▶ GOAL OF THE EXERCISE
Please transcribe the entries that follow exactly as they stand, skipping each picture.

▶ RECORD EXCERPTS
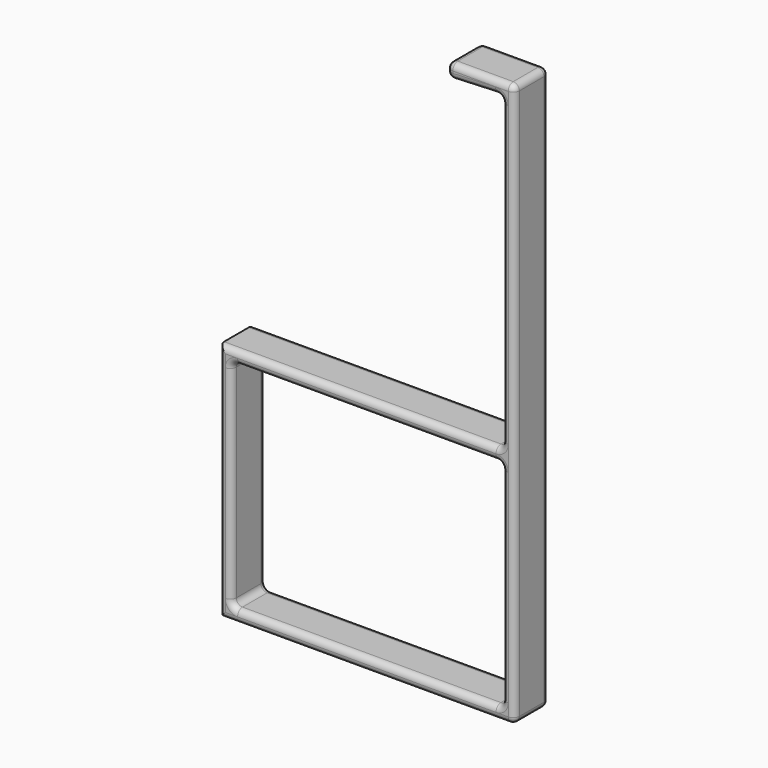
from build123d import *

# Parameters (mm, degrees)
F0_W     = 44
F0_H     = 35
F1_DEPTH = 7
F2_R     = 0.99999


# Not quite as in the source:
# - a fillet or chamfer is up to 0.001 mm smaller than in the source, because OpenCascade refuses the exact size


with BuildPart() as f1:
    # F0 (on Front) → F1 (new body)
    with BuildSketch(Plane.XZ):
        Polygon((-54.2730142517, 66.1785921497), (-54.2730142517, 63.7968573394), (-45.2730142517, 64.1785921497), (-45.2730142517, 13.6785921497), (-91.2730142517, 13.6785921497), (-91.2730142517, 11.6785921497), (-91.2730142517, -23.3214078503), (-91.2730142517, -25.3214078503), (-43.2730142517, -25.3214078503), (-43.2730142517, 66.1785921497), align=None)
        with Locations((-67.2730142517, -5.8214078503)):
            Rectangle(F0_W, F0_H, mode=Mode.SUBTRACT)
    extrude(amount=F1_DEPTH)

    # F2 (radius 1 in the source; OpenCascade refuses exactly that, so slightly less here)
    f2_edges = [f1.edges().sort_by_distance(p)[0] for p in [
        (-48.773014, -7, 66.178592),
        (-54.273014, -7, 64.987725),
        (-49.773014, -7, 63.987725),
        (-45.273014, -7, 38.928592),
        (-68.273014, -7, 13.678592),
        (-91.273014, -7, -5.821408),
        (-67.273014, -7, -25.321408),
        (-43.273014, -7, 20.428592),
        (-45.273014, -7, -5.821408),
        (-67.273014, -7, -23.321408),
        (-89.273014, -7, -5.821408),
        (-67.273014, -7, 11.678592),
        (-48.773014, 0, 66.178592),
        (-54.273014, 0, 64.987725),
        (-49.773014, 0, 63.987725),
        (-45.273014, 0, 38.928592),
        (-68.273014, 0, 13.678592),
        (-91.273014, 0, -5.821408),
        (-67.273014, 0, -25.321408),
        (-43.273014, 0, 20.428592),
        (-45.273014, 0, -5.821408),
        (-67.273014, 0, -23.321408),
        (-89.273014, 0, -5.821408),
        (-67.273014, 0, 11.678592),
        (-45.273014, -3.5, 11.678592),
        (-45.273014, -3.5, -23.321408),
        (-89.273014, -3.5, 11.678592),
        (-89.273014, -3.5, -23.321408),
        (-54.273014, -3.5, 63.796857),
        (-45.273014, -3.5, 64.178592),
        (-54.273014, -3.5, 66.178592),
        (-43.273014, -3.5, 66.178592),
        (-45.273014, -3.5, 13.678592),
        (-43.273014, -3.5, -25.321408),
    ]]
    fillet(f2_edges, radius=F2_R)


solid = f1.part

▶ RESPONSE AREA
from build123d import *

# Parameters (mm, degrees)
F0_W     = 44
F0_H     = 35
F1_DEPTH = 7
F2_R     = 0.99999


# Not quite as in the source:
# - a fillet or chamfer is up to 0.001 mm smaller than in the source, because OpenCascade refuses the exact size


with BuildPart() as f1:
    # F0 (on Front) → F1 (new body)
    with BuildSketch(Plane.XZ):
        Polygon((-54.2730142517, 66.1785921497), (-54.2730142517, 63.7968573394), (-45.2730142517, 64.1785921497), (-45.2730142517, 13.6785921497), (-91.2730142517, 13.6785921497), (-91.2730142517, 11.6785921497), (-91.2730142517, -23.3214078503), (-91.2730142517, -25.3214078503), (-43.2730142517, -25.3214078503), (-43.2730142517, 66.1785921497), align=None)
        with Locations((-67.2730142517, -5.8214078503)):
            Rectangle(F0_W, F0_H, mode=Mode.SUBTRACT)
    extrude(amount=F1_DEPTH)

    # F2 (radius 1 in the source; OpenCascade refuses exactly that, so slightly less here)
    f2_edges = [f1.edges().sort_by_distance(p)[0] for p in [
        (-48.773014, -7, 66.178592),
        (-54.273014, -7, 64.987725),
        (-49.773014, -7, 63.987725),
        (-45.273014, -7, 38.928592),
        (-68.273014, -7, 13.678592),
        (-91.273014, -7, -5.821408),
        (-67.273014, -7, -25.321408),
        (-43.273014, -7, 20.428592),
        (-45.273014, -7, -5.821408),
        (-67.273014, -7, -23.321408),
        (-89.273014, -7, -5.821408),
        (-67.273014, -7, 11.678592),
        (-48.773014, 0, 66.178592),
        (-54.273014, 0, 64.987725),
        (-49.773014, 0, 63.987725),
        (-45.273014, 0, 38.928592),
        (-68.273014, 0, 13.678592),
        (-91.273014, 0, -5.821408),
        (-67.273014, 0, -25.321408),
        (-43.273014, 0, 20.428592),
        (-45.273014, 0, -5.821408),
        (-67.273014, 0, -23.321408),
        (-89.273014, 0, -5.821408),
        (-67.273014, 0, 11.678592),
        (-45.273014, -3.5, 11.678592),
        (-45.273014, -3.5, -23.321408),
        (-89.273014, -3.5, 11.678592),
        (-89.273014, -3.5, -23.321408),
        (-54.273014, -3.5, 63.796857),
        (-45.273014, -3.5, 64.178592),
        (-54.273014, -3.5, 66.178592),
        (-43.273014, -3.5, 66.178592),
        (-45.273014, -3.5, 13.678592),
        (-43.273014, -3.5, -25.321408),
    ]]
    fillet(f2_edges, radius=F2_R)


solid = f1.part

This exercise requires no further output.